Developing Diversity Arrays Technology genetic markers to detect herbicide resistance in annual ryegrass (Lolium rigidum Gaud.)

Herbicide resistance is a tenacious and constantly evolving problem for the control of weeds worldwide. Effective management strategies are required to reduce the incidence of herbicide resistance and to affect greater herbicide use efficiency, reduce production costs and ensure proper herbicide stewardship (Swanton and Weise, 1991). Australia's most damaging cropping weed annual ryegrass (Lolium rigidum Gaudin) costs the agricultural industries $250-500 million per year to manage, a significant portion of which is for herbicides (Jones et al., 2005). Control of ryegrass is problematic as it has the propensity the evolve herbicide resistance, having already evolved resistance to 11 different herbicide groups and sub-groups. This is due to its high genetic variability as it is an obligate outcrosser (Owen et al., 2007).

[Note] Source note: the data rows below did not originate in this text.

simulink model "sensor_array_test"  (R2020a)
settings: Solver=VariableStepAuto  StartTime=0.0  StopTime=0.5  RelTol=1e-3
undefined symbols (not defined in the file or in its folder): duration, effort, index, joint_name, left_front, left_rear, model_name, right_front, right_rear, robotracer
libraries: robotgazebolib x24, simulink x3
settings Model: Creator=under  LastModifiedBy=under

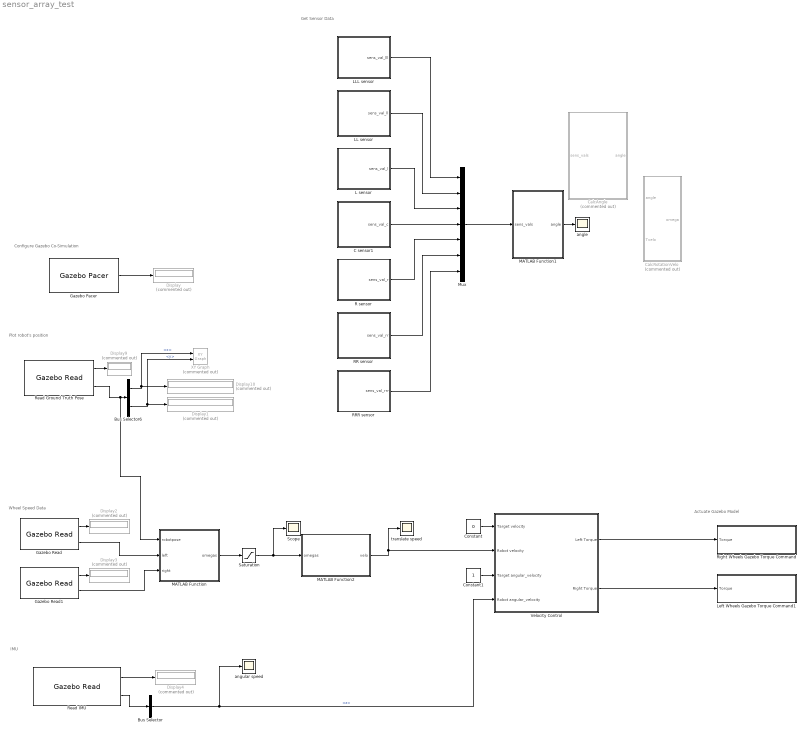
== system sensor_array_test ==
  note: Configure Gazebo Co-Simulation
  note: Plot robot's position
  note: Wheel Speed Data
  note: Actuate Gazebo Model
  note: IMU
  note: Get Sensor Data
  Bus Selector : BusSelector  OutputSignals=angular_velocity.z
  Bus Selector6 : BusSelector  OutputSignals=position.x,position.y
  C sensor1 : Subsystem
  CalcAngle : MATLAB Function  Commented=on  TreatAsAtomicUnit=on
  CalcRotationVelo : MATLAB Function  Commented=on  TreatAsAtomicUnit=on
  Constant : Constant  Value=0
  Constant1 : Constant
  Display{,1..4,9..10} (7 alike) : Display  Commented=on
  Gazebo Pacer : robotgazebolib/Gazebo Pacer  ResetBehavior=Reset Gazebo simulation time and scene  SampleTime=0.001
      settings: SourceProductBaseCode=RO
  Gazebo Read : robotgazebolib/Gazebo Read  topicSource=From Gazebo  topic=/gazebo/ground_truth/world_pose/robotracer/left_front_wheel  messageType=gazebo_msgs/Pose  sampleTime=0.001
      settings: SourceProductBaseCode=RO
  Gazebo Read1 : robotgazebolib/Gazebo Read  topicSource=From Gazebo  topic=/gazebo/ground_truth/world_pose/robotracer/right_front_wheel  messageType=gazebo_msgs/Pose  sampleTime=0.001
      settings: SourceProductBaseCode=RO
  L sensor : Subsystem
  LL sensor : Subsystem
  LLL sensor : Subsystem
  Left Wheels Gazebo Torque Command1 : Subsystem
  MATLAB Function : MATLAB Function  TreatAsAtomicUnit=on
  MATLAB Function1 : MATLAB Function  TreatAsAtomicUnit=on
  MATLAB Function2 : MATLAB Function  TreatAsAtomicUnit=on
  Mux : Mux  Inputs=7
  R sensor : Subsystem
  RR sensor : Subsystem
  RRR sensor : Subsystem
  Read Ground Truth Pose : robotgazebolib/Gazebo Read  topicSource=From Gazebo  topic=/gazebo/ground_truth/world_pose/robotracer/chassis  messageType=gazebo_msgs/Pose  sampleTime=0.001
      settings: SourceProductBaseCode=RO
  Read IMU : robotgazebolib/Gazebo Read  topicSource=From Gazebo  topic=/gazebo/default/robotracer/chassis/imu/imu  messageType=gazebo_msgs/IMU  sampleTime=0.01
      settings: SourceProductBaseCode=RO
  Right Wheels Gazebo Torque Command : Subsystem
  Saturation : Saturate  UpperLimit=90  LowerLimit=-90
  Scope : Scope
  Velocity Control : Subsystem
  XY Graph : simulink/Sinks/XY Graph  Commented=on  xmin=-1  xmax=1  ymin=-1  ymax=1  st=-1
  angle : Scope
  angular speed : Scope
  translate speed : Scope
  wires:
  Gazebo Pacer/1 -> Display/1
  Bus Selector6/1 -> XY Graph/1, Display10/1  "<x>"
  Bus Selector6/2 -> XY Graph/2, Display1/1  "<y>"
  MATLAB Function/1(omegas) -> Saturation/1
  Read Ground Truth Pose/2 -> MATLAB Function/1(robotpose), Bus Selector6/1
  Gazebo Read1/2 -> MATLAB Function/3(right)
  Gazebo Read/2 -> MATLAB Function/2(left)
  Gazebo Read1/1 -> Display3/1
  Gazebo Read/1 -> Display2/1
  Read Ground Truth Pose/1 -> Display9/1
  Saturation/1 -> MATLAB Function2/1(omegas), Scope/1
  MATLAB Function2/1(velo) -> Velocity Control/2(Robot velocity), translate speed/1
  Constant/1 -> Velocity Control/1(Target velocity)
  Read IMU/2 -> Bus Selector/1
  Read IMU/1 -> Display4/1
  Bus Selector/1 -> Velocity Control/4(Robot angular_velocity), angular speed/1  "<z>"
  Constant1/1 -> Velocity Control/3(Target angular_velocity)
  Velocity Control/1(Left Torque) -> Right Wheels Gazebo Torque Command/1(Torque)
  Velocity Control/2(Right Torque) -> Left Wheels Gazebo Torque Command1/1(Torque)
  C sensor1/1(sens_val_c) -> Mux/4
  L sensor/1(sens_val_l) -> Mux/3
  LL sensor/1(sens_val_ll) -> Mux/2
  LLL sensor/1(sens_val_lll) -> Mux/1
  R sensor/1(sens_val_r) -> Mux/5
  RR sensor/1(sens_val_rr) -> Mux/6
  RRR sensor/1(sens_val_rrr) -> Mux/7
  Mux/1 -> MATLAB Function1/1(sens_vals)
  MATLAB Function1/1(angle) -> angle/1

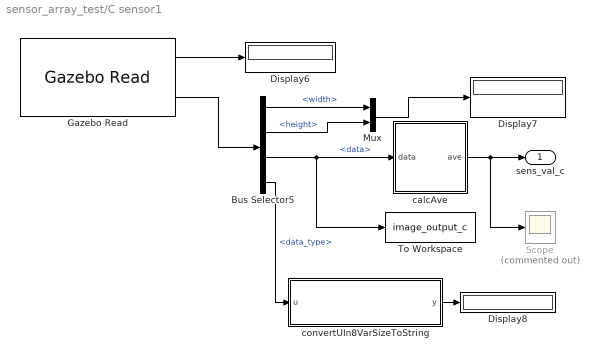
== system sensor_array_test/C sensor1 ==
  Bus Selector5 : BusSelector  OutputSignals=width,height,data,data_type
  Display6 : Display
  Display7 : Display
  Display8 : Display
  Gazebo Read : robotgazebolib/Gazebo Read  topicSource=From Gazebo  topic=/gazebo/default/robotracer/camera_link/camera_c/image  messageType=gazebo_msgs/Image  sampleTime=0.01
      settings: SourceProductBaseCode=RO
  Mux : Mux  Inputs=2
  Scope : Scope  Commented=on
  To Workspace : ToWorkspace  VariableName=image_output_c  SaveFormat=Structure With Time  SampleTime=-1
  calcAve : MATLAB Function  TreatAsAtomicUnit=on
  convertUIn8VarSizeToString : MATLAB Function  TreatAsAtomicUnit=on
  sens_val_c : Outport
  wires:
  calcAve/1(ave) -> sens_val_c/1, Scope/1
  Mux/1 -> Display7/1
  convertUIn8VarSizeToString/1(y) -> Display8/1
  Bus Selector5/2 -> Mux/2  "<height>"
  Bus Selector5/3 -> calcAve/1(data), To Workspace/1  "<data>"
  Bus Selector5/4 -> convertUIn8VarSizeToString/1(u)  "<data_type>"
  Gazebo Read/1 -> Display6/1
  Bus Selector5/1 -> Mux/1  "<width>"
  Gazebo Read/2 -> Bus Selector5/1

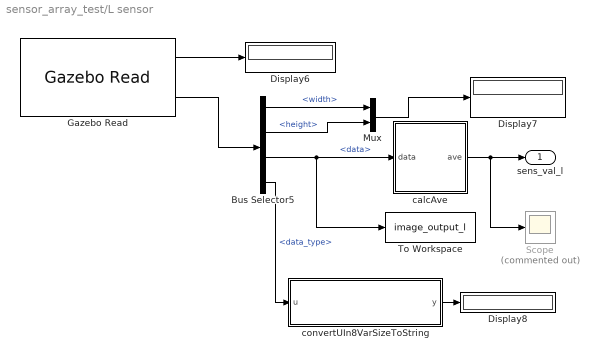
== system sensor_array_test/L sensor ==
  Bus Selector5 : BusSelector  OutputSignals=width,height,data,data_type
  Display6 : Display
  Display7 : Display
  Display8 : Display
  Gazebo Read : robotgazebolib/Gazebo Read  topicSource=From Gazebo  topic=/gazebo/default/robotracer/camera_link/camera_l/image  messageType=gazebo_msgs/Image  sampleTime=0.01
      settings: SourceProductBaseCode=RO
  Mux : Mux  Inputs=2
  Scope : Scope  Commented=on
  To Workspace : ToWorkspace  VariableName=image_output_l  SaveFormat=Structure With Time  SampleTime=-1
  calcAve : MATLAB Function  TreatAsAtomicUnit=on
  convertUIn8VarSizeToString : MATLAB Function  TreatAsAtomicUnit=on
  sens_val_l : Outport
  wires:
  calcAve/1(ave) -> sens_val_l/1, Scope/1
  Mux/1 -> Display7/1
  convertUIn8VarSizeToString/1(y) -> Display8/1
  Bus Selector5/2 -> Mux/2  "<height>"
  Bus Selector5/3 -> calcAve/1(data), To Workspace/1  "<data>"
  Bus Selector5/4 -> convertUIn8VarSizeToString/1(u)  "<data_type>"
  Gazebo Read/1 -> Display6/1
  Bus Selector5/1 -> Mux/1  "<width>"
  Gazebo Read/2 -> Bus Selector5/1

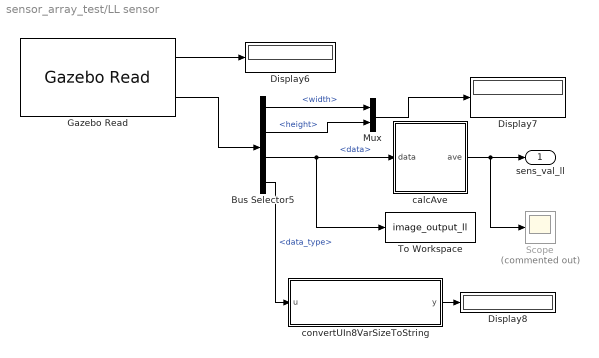
== system sensor_array_test/LL sensor ==
  Bus Selector5 : BusSelector  OutputSignals=width,height,data,data_type
  Display6 : Display
  Display7 : Display
  Display8 : Display
  Gazebo Read : robotgazebolib/Gazebo Read  topicSource=From Gazebo  topic=/gazebo/default/robotracer/camera_link/camera_ll/image  messageType=gazebo_msgs/Image  sampleTime=0.01
      settings: SourceProductBaseCode=RO
  Mux : Mux  Inputs=2
  Scope : Scope  Commented=on
  To Workspace : ToWorkspace  VariableName=image_output_ll  SaveFormat=Structure With Time  SampleTime=-1
  calcAve : MATLAB Function  TreatAsAtomicUnit=on
  convertUIn8VarSizeToString : MATLAB Function  TreatAsAtomicUnit=on
  sens_val_ll : Outport
  wires:
  calcAve/1(ave) -> sens_val_ll/1, Scope/1
  Mux/1 -> Display7/1
  convertUIn8VarSizeToString/1(y) -> Display8/1
  Bus Selector5/2 -> Mux/2  "<height>"
  Bus Selector5/3 -> calcAve/1(data), To Workspace/1  "<data>"
  Bus Selector5/4 -> convertUIn8VarSizeToString/1(u)  "<data_type>"
  Gazebo Read/1 -> Display6/1
  Bus Selector5/1 -> Mux/1  "<width>"
  Gazebo Read/2 -> Bus Selector5/1

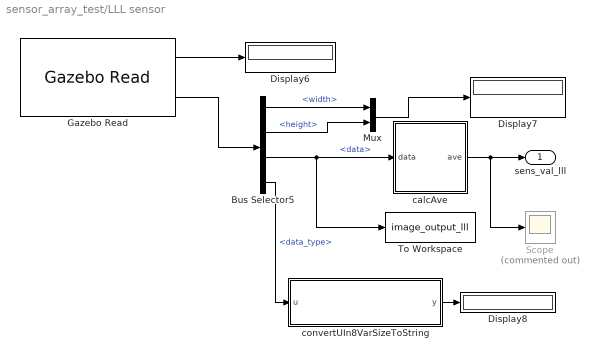
== system sensor_array_test/LLL sensor ==
  Bus Selector5 : BusSelector  OutputSignals=width,height,data,data_type
  Display6 : Display
  Display7 : Display
  Display8 : Display
  Gazebo Read : robotgazebolib/Gazebo Read  topicSource=From Gazebo  topic=/gazebo/default/robotracer/camera_link/camera_lll/image  messageType=gazebo_msgs/Image  sampleTime=0.01
      settings: SourceProductBaseCode=RO
  Mux : Mux  Inputs=2
  Scope : Scope  Commented=on
  To Workspace : ToWorkspace  VariableName=image_output_lll  SaveFormat=Structure With Time  SampleTime=-1
  calcAve : MATLAB Function  TreatAsAtomicUnit=on
  convertUIn8VarSizeToString : MATLAB Function  TreatAsAtomicUnit=on
  sens_val_lll : Outport
  wires:
  calcAve/1(ave) -> sens_val_lll/1, Scope/1
  Mux/1 -> Display7/1
  convertUIn8VarSizeToString/1(y) -> Display8/1
  Bus Selector5/2 -> Mux/2  "<height>"
  Bus Selector5/3 -> calcAve/1(data), To Workspace/1  "<data>"
  Bus Selector5/4 -> convertUIn8VarSizeToString/1(u)  "<data_type>"
  Gazebo Read/1 -> Display6/1
  Bus Selector5/1 -> Mux/1  "<width>"
  Gazebo Read/2 -> Bus Selector5/1

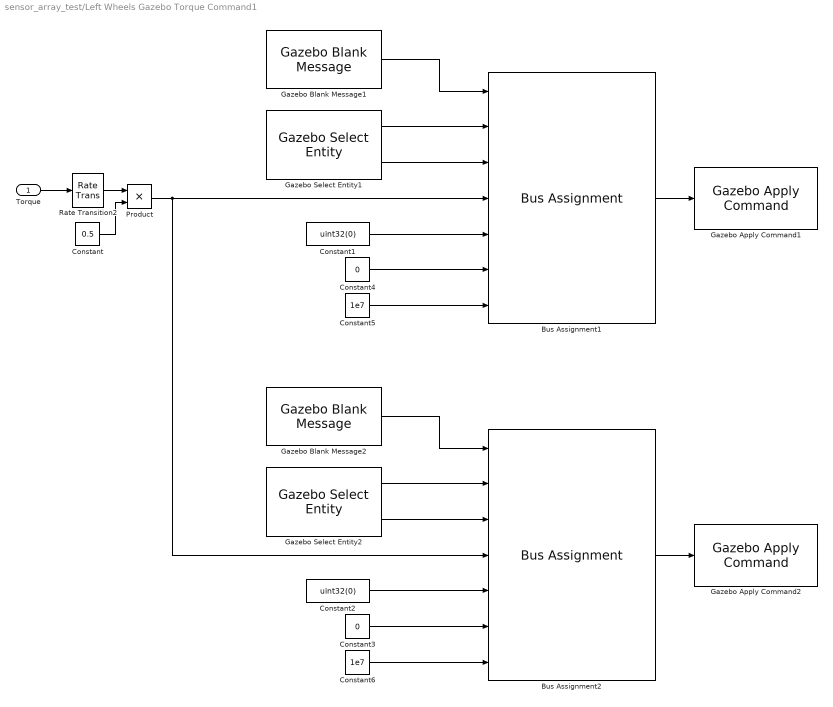
== system sensor_array_test/Left Wheels Gazebo Torque Command1 ==
  Torque : Inport
  Bus Assignment1 : BusAssignment  AssignedSignals=model_name,joint_name,effort,index,duration.seconds,duration.nano_seconds
  Bus Assignment2 : BusAssignment  AssignedSignals=model_name,joint_name,effort,index,duration.seconds,duration.nano_seconds
  Constant : Constant  Value=0.5
  Constant1 : Constant  Value=uint32(0)
  Constant2 : Constant  Value=uint32(0)
  Constant3 : Constant  Value=0
  Constant4 : Constant  Value=0
  Constant5 : Constant  Value=1e7
  Constant6 : Constant  Value=1e7
  Gazebo Apply Command1 : robotgazebolib/Gazebo Apply Command  cmdType=ApplyJointTorque  sampleTime=0.01
      settings: SourceProductBaseCode=RO
  Gazebo Apply Command2 : robotgazebolib/Gazebo Apply Command  cmdType=ApplyJointTorque  sampleTime=0.01
      settings: SourceProductBaseCode=RO
  Gazebo Blank Message1 : robotgazebolib/Gazebo Blank Message  msgType=ApplyJointTorque  sampleTime=0.01  busName='Gazebo_SL_Bus_gazebo_msgs_ApplyJointTorque'
      settings: SourceProductBaseCode=RO
  Gazebo Blank Message2 : robotgazebolib/Gazebo Blank Message  msgType=ApplyJointTorque  sampleTime=0.01  busName='Gazebo_SL_Bus_gazebo_msgs_ApplyJointTorque'
      settings: SourceProductBaseCode=RO
  Gazebo Select Entity1 : robotgazebolib/Gazebo Select Entity  modelElemName=robotracer/left_front  outputArraySize=128  OutputLabel=Joint  SelectType=Joint
      settings: SourceProductBaseCode=RO
  Gazebo Select Entity2 : robotgazebolib/Gazebo Select Entity  modelElemName=robotracer/left_rear  outputArraySize=128  OutputLabel=Joint  SelectType=Joint
      settings: SourceProductBaseCode=RO
  Product : Product
  Rate Transition2 : RateTransition
  wires:
  Bus Assignment1/1 -> Gazebo Apply Command1/1
  Constant5/1 -> Bus Assignment1/7
  Gazebo Blank Message1/1 -> Bus Assignment1/1
  Gazebo Select Entity1/2 -> Bus Assignment1/3
  Gazebo Select Entity1/1 -> Bus Assignment1/2
  Constant4/1 -> Bus Assignment1/6
  Constant1/1 -> Bus Assignment1/5
  Gazebo Select Entity2/1 -> Bus Assignment2/2
  Constant6/1 -> Bus Assignment2/7
  Constant2/1 -> Bus Assignment2/5
  Constant3/1 -> Bus Assignment2/6
  Gazebo Select Entity2/2 -> Bus Assignment2/3
  Torque/1 -> Rate Transition2/1
  Gazebo Blank Message2/1 -> Bus Assignment2/1
  Bus Assignment2/1 -> Gazebo Apply Command2/1
  Constant/1 -> Product/2
  Rate Transition2/1 -> Product/1
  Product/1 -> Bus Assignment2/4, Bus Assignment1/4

The use of genetic assays offers a new and effective tool in weed management through the identification of genetic markers linked to herbicide resistance. Largely, research into weed genetics is dedicated to the elucidation and identification of different forms of herbicide resistance. Fewer studies have been conducted refining this research for the development of the next generation of wide scale herbicide resistance assays, the tools needed to combat the increasing herbicide resistance problem (Tranel and Horvath, 2009). This thesis addresses this by detailing the development of assays using two genotyping technologies, Diversity Arrays Technology (DArT) and Diversity Arrays Technology genotyping by sequencing (DArTseq), to identify and link genetic markers to multiple forms of herbicide resistance in annual ryegrass.